● About this exercise:
Repeat the entries exactly as they appear.

● Dataset content:
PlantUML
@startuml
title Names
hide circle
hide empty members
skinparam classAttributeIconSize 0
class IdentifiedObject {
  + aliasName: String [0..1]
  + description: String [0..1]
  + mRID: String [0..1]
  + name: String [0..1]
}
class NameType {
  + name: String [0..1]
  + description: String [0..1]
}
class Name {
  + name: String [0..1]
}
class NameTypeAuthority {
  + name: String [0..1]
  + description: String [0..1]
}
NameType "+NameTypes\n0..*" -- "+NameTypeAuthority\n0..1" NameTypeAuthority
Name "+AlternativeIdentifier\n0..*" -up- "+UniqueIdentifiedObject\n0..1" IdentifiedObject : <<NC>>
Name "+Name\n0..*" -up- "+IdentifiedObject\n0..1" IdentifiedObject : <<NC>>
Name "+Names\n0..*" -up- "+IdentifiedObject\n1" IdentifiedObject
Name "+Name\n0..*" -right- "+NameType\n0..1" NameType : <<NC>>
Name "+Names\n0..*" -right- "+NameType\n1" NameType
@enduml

● Answer:
PlantUML
@startuml
title Names
hide circle
hide empty members
skinparam classAttributeIconSize 0
class IdentifiedObject {
  + aliasName: String [0..1]
  + description: String [0..1]
  + mRID: String [0..1]
  + name: String [0..1]
}
class NameType {
  + name: String [0..1]
  + description: String [0..1]
}
class Name {
  + name: String [0..1]
}
class NameTypeAuthority {
  + name: String [0..1]
  + description: String [0..1]
}
NameType "+NameTypes\n0..*" -- "+NameTypeAuthority\n0..1" NameTypeAuthority
Name "+AlternativeIdentifier\n0..*" -up- "+UniqueIdentifiedObject\n0..1" IdentifiedObject : <<NC>>
Name "+Name\n0..*" -up- "+IdentifiedObject\n0..1" IdentifiedObject : <<NC>>
Name "+Names\n0..*" -up- "+IdentifiedObject\n1" IdentifiedObject
Name "+Name\n0..*" -right- "+NameType\n0..1" NameType : <<NC>>
Name "+Names\n0..*" -right- "+NameType\n1" NameType
@enduml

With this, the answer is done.